The predicted structure with ESMFold (Left) next to the original structure (right)
The predicted structure matches the original structure, but it isn’t very surprising as myoglobin is a well studied protein. Next up I had to try changing the sequence and see if the protein is resilient to mutations.
At first, I tried changing the K at 147th position to a W, then I folded the sequence. The overall structure remained the same but it introduced a region of low confidence into the structure. 
Mutant 1 (left), Mutant 2 (Right)
For the second mutant, changing a large segment. I switched a 20 amino acid sequence at 92-111 and replaced it with a random 20 amino acid string: W H V L M T R Q F P Y A I K C E D G N S. I lobotomized my protein. It was funny to see how a 20AA change really reduced the confidence score of the model. A lot of the structure was still conserved but the protein was certainly affected. I think the model tried to model it based on the training it had and globins are well-studied. Fun to see. I might play around more with other proteins. I used Benchling to do the mutation. (I got the random sequence via Google’s AI Mode)
C3. Protein Generation
The notebook really has it’s issues. Even MPNN wasn’t working so I had to find an alternative, I found Tamarind Bio had a online tool. I used that. There are so many tools being made. This is making me aware of my obliviousness to computational biology.
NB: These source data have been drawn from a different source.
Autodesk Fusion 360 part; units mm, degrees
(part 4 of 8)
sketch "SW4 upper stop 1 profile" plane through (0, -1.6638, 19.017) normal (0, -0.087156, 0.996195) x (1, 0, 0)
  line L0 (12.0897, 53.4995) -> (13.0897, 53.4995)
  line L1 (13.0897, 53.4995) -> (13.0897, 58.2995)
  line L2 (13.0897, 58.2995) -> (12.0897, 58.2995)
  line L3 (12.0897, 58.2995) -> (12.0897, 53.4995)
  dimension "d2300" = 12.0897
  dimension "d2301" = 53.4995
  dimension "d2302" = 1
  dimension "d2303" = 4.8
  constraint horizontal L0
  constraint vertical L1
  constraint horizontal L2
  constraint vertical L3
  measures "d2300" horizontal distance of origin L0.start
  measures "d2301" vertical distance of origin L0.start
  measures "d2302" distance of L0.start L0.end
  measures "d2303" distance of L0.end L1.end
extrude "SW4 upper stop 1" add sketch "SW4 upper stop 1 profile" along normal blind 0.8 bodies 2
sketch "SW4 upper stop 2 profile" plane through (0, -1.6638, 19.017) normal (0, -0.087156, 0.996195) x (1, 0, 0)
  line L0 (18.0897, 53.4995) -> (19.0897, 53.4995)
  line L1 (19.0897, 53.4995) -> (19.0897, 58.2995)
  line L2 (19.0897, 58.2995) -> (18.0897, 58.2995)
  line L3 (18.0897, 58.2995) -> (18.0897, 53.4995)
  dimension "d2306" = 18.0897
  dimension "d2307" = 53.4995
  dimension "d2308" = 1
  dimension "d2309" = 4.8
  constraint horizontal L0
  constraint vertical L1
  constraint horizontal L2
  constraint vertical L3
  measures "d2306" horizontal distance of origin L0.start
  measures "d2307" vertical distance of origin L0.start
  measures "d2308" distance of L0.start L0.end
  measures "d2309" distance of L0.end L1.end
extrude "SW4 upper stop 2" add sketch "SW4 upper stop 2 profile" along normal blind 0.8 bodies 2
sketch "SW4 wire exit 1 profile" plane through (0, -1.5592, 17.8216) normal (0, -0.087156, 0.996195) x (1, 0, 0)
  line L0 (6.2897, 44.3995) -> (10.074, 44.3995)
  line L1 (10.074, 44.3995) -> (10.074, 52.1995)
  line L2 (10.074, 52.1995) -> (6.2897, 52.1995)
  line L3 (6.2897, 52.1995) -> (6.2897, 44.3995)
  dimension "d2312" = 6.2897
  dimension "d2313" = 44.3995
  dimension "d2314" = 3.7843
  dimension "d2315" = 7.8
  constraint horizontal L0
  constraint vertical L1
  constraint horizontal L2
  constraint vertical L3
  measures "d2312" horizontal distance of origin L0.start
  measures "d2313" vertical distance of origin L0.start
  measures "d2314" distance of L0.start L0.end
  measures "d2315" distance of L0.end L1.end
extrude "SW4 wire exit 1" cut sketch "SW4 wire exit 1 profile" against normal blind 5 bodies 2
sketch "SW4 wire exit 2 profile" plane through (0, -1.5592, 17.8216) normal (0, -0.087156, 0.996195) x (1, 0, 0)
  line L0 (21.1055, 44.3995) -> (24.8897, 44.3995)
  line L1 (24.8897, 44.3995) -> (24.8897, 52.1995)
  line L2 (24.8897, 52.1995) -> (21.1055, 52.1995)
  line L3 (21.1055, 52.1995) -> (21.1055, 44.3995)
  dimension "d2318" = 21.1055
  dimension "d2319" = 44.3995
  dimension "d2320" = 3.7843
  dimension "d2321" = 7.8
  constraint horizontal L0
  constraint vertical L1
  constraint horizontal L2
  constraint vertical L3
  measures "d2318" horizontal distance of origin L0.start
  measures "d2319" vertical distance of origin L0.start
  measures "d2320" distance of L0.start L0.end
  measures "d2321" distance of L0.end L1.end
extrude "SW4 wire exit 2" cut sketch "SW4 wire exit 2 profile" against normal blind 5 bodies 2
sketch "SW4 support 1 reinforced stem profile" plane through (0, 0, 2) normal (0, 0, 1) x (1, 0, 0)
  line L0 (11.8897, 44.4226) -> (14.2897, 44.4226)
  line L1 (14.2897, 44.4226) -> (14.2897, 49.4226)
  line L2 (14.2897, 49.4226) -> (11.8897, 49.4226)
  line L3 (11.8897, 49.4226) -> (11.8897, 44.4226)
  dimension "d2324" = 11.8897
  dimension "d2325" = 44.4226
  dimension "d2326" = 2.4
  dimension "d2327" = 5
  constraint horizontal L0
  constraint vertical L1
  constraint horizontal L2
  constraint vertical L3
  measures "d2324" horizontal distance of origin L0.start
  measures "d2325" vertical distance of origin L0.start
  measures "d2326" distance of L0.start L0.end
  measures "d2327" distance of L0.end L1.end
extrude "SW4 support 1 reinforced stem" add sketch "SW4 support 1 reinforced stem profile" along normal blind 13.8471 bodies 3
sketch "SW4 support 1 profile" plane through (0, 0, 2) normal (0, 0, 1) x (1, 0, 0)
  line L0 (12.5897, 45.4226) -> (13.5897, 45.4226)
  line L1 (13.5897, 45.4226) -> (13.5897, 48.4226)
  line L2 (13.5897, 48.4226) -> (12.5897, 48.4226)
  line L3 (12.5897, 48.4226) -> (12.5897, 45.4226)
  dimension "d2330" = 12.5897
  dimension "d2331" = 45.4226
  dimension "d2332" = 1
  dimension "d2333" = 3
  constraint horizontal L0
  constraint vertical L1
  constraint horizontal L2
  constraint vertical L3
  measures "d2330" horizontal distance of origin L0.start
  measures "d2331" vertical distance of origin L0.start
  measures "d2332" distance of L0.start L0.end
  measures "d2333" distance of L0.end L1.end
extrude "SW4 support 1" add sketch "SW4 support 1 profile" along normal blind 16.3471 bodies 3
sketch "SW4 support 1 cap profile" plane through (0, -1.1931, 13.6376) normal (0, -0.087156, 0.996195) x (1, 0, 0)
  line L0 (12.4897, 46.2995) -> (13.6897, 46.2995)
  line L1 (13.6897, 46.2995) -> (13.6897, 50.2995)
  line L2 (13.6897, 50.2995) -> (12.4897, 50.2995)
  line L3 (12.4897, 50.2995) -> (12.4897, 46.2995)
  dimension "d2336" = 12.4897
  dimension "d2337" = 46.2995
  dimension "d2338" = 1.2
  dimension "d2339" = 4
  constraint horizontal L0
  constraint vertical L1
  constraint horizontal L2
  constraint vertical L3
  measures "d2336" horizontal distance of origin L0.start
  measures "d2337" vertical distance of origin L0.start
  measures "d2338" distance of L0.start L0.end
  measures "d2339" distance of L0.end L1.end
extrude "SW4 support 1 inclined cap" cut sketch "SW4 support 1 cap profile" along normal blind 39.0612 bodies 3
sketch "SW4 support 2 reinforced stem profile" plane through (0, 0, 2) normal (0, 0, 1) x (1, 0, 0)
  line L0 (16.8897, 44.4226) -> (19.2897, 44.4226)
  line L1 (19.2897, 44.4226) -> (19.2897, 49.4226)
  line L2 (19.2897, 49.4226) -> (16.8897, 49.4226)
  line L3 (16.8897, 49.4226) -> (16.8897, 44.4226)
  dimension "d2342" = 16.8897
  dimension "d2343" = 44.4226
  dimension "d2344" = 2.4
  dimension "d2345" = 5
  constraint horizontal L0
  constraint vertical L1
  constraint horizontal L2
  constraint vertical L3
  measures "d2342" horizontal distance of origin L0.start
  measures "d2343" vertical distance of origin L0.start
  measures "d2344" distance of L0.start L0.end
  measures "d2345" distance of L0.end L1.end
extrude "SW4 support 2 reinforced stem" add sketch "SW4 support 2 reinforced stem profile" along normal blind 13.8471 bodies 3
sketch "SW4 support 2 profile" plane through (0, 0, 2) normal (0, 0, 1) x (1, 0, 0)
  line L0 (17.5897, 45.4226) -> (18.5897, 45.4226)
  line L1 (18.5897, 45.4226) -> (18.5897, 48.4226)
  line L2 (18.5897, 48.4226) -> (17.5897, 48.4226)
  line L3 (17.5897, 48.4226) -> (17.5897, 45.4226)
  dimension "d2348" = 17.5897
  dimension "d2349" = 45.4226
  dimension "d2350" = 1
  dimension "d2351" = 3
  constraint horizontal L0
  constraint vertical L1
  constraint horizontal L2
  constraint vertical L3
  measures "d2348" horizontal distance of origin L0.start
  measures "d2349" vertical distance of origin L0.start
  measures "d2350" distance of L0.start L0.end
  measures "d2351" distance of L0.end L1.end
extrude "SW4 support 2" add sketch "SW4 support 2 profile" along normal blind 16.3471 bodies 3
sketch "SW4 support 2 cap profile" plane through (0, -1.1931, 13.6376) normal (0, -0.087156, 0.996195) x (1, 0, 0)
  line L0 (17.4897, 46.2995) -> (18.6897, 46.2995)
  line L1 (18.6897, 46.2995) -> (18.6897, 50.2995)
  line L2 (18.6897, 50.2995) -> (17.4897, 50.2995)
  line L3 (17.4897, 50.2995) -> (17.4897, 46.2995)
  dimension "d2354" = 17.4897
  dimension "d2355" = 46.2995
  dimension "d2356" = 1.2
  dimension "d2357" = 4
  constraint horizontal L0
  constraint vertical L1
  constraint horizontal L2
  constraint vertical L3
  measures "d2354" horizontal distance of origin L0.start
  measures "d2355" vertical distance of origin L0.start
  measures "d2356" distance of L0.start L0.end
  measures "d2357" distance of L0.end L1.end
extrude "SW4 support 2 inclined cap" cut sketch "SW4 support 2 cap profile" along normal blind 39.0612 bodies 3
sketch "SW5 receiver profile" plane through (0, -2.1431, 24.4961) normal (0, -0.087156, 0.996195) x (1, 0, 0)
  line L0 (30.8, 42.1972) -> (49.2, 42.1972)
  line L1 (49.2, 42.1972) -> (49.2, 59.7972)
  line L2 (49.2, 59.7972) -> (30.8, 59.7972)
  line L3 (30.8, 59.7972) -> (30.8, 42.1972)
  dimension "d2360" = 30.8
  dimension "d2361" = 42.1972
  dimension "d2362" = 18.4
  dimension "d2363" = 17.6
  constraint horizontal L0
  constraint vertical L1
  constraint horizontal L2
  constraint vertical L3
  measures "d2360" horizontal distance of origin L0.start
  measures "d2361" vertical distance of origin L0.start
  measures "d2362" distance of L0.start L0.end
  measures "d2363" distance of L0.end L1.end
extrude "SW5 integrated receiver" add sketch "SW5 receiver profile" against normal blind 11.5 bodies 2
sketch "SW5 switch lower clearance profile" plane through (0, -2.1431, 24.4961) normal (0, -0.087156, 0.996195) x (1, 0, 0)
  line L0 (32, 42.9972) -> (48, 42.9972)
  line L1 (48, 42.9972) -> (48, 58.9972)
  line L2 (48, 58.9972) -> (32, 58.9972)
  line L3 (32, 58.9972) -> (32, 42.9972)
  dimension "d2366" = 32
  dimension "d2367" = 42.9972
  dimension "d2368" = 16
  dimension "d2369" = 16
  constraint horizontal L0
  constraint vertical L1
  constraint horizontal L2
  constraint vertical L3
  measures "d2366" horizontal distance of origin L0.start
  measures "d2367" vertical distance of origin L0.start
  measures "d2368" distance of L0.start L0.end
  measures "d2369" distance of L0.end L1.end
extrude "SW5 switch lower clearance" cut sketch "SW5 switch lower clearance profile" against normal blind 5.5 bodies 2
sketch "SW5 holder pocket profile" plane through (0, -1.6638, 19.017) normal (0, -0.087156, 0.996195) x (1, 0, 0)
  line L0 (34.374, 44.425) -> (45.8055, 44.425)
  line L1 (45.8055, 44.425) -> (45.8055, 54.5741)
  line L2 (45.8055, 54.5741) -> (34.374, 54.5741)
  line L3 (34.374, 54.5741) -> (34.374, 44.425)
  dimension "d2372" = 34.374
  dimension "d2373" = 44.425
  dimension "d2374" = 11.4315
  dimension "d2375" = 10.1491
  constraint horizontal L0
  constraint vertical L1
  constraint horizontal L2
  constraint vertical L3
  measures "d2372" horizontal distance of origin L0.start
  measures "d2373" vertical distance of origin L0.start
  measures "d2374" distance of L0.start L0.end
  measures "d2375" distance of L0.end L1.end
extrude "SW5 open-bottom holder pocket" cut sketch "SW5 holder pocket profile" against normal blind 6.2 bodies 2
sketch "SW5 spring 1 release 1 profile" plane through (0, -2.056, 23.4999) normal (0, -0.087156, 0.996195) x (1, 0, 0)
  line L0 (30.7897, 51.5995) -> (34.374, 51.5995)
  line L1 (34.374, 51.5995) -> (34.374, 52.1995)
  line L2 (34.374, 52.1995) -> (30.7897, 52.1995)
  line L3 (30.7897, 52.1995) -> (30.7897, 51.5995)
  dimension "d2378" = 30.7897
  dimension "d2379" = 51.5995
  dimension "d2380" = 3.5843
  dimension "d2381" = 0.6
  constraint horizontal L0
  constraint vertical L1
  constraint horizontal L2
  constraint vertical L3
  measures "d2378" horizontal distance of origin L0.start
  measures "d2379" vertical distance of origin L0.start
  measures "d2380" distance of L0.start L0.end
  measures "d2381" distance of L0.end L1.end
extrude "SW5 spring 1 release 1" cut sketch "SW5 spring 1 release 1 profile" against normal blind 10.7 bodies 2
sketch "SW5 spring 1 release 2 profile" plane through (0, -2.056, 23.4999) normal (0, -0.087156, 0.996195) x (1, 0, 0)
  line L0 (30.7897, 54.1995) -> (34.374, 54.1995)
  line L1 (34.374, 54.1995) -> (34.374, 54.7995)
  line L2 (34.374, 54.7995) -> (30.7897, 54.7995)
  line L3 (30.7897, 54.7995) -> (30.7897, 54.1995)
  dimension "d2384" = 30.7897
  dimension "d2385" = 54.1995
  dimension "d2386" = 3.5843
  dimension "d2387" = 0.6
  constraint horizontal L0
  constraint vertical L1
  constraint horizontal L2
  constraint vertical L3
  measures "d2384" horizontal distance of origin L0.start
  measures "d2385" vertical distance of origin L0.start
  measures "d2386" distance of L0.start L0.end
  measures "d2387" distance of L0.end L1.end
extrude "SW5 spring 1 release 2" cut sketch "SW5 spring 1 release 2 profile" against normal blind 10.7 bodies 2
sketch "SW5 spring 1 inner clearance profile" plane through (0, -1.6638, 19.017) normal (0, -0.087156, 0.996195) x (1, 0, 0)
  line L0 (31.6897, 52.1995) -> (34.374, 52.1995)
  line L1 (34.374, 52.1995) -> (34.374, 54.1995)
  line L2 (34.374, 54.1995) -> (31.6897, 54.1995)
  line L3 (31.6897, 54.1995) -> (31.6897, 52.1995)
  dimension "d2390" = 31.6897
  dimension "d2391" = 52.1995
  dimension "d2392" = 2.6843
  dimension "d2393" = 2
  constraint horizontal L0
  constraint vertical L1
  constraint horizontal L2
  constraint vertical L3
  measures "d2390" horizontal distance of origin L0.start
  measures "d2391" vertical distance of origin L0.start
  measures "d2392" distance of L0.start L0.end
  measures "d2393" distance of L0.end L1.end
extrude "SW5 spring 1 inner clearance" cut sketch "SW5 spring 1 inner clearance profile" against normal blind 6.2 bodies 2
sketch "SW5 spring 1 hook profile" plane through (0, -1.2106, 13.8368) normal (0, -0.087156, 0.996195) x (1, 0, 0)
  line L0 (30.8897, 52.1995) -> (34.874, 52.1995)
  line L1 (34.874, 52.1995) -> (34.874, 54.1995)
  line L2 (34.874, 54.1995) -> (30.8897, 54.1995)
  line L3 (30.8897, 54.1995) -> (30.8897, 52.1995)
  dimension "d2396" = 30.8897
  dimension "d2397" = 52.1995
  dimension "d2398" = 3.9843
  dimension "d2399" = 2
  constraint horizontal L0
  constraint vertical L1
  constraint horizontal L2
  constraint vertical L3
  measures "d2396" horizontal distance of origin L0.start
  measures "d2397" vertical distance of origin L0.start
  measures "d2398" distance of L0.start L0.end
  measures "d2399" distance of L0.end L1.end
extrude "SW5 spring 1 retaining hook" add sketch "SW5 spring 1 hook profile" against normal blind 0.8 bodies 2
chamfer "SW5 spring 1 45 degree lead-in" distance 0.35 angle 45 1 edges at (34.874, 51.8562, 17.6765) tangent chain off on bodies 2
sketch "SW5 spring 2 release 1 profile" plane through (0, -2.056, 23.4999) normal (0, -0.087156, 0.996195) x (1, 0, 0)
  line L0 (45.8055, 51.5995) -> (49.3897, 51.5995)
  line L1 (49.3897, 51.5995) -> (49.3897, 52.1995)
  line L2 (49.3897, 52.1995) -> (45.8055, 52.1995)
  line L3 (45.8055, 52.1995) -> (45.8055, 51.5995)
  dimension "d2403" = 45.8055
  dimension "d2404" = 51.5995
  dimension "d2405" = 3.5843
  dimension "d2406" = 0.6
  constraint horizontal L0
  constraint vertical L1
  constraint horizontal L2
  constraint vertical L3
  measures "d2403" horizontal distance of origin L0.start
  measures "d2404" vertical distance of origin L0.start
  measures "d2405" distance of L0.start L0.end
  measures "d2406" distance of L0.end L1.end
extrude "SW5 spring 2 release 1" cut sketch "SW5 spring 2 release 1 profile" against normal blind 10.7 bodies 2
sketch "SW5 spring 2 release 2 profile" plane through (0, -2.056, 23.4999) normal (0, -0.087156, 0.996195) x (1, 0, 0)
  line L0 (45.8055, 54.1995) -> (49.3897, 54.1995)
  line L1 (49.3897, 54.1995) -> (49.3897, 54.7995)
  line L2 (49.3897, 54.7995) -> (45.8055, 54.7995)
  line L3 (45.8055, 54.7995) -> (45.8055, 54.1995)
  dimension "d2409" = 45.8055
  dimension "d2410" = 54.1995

I had to select the residues to design. I decided to do a full redesign.
I got this sequence after the full redesign via ProteinMPNN:
One can tell by just looking that it is quite different from the original sequence. The length is same but the amino acids are different. But the Histindines on Position 64 and 93 have been recovered. I then proceeded to predict the structure for this via ESMFold.
Using only the myoglobin backbone structure (153 residues, chain A), ProteinMPNN designed a new sequence with ~38–45% identity to the native protein. But, His64 and His93, the two histidines crucial for heme binding were independently recovered without any sequence information. This suggests that the geometry of the heme-binding pocket strongly constrains these positions to histidine. Other than that, a lot of surface residues were varied from the original sturcture. Predicting the structure of the redesigned sequence via ESMFold had conserved the characteristic globin helix bundle, with high-confidence pLDDT scores across the helical core. This shows that the designed sequence is structurally compatible with the myoglobin fold. Overall, ProteinMPNN generated a realistic globin-like sequence rather than simply reproducing the native one.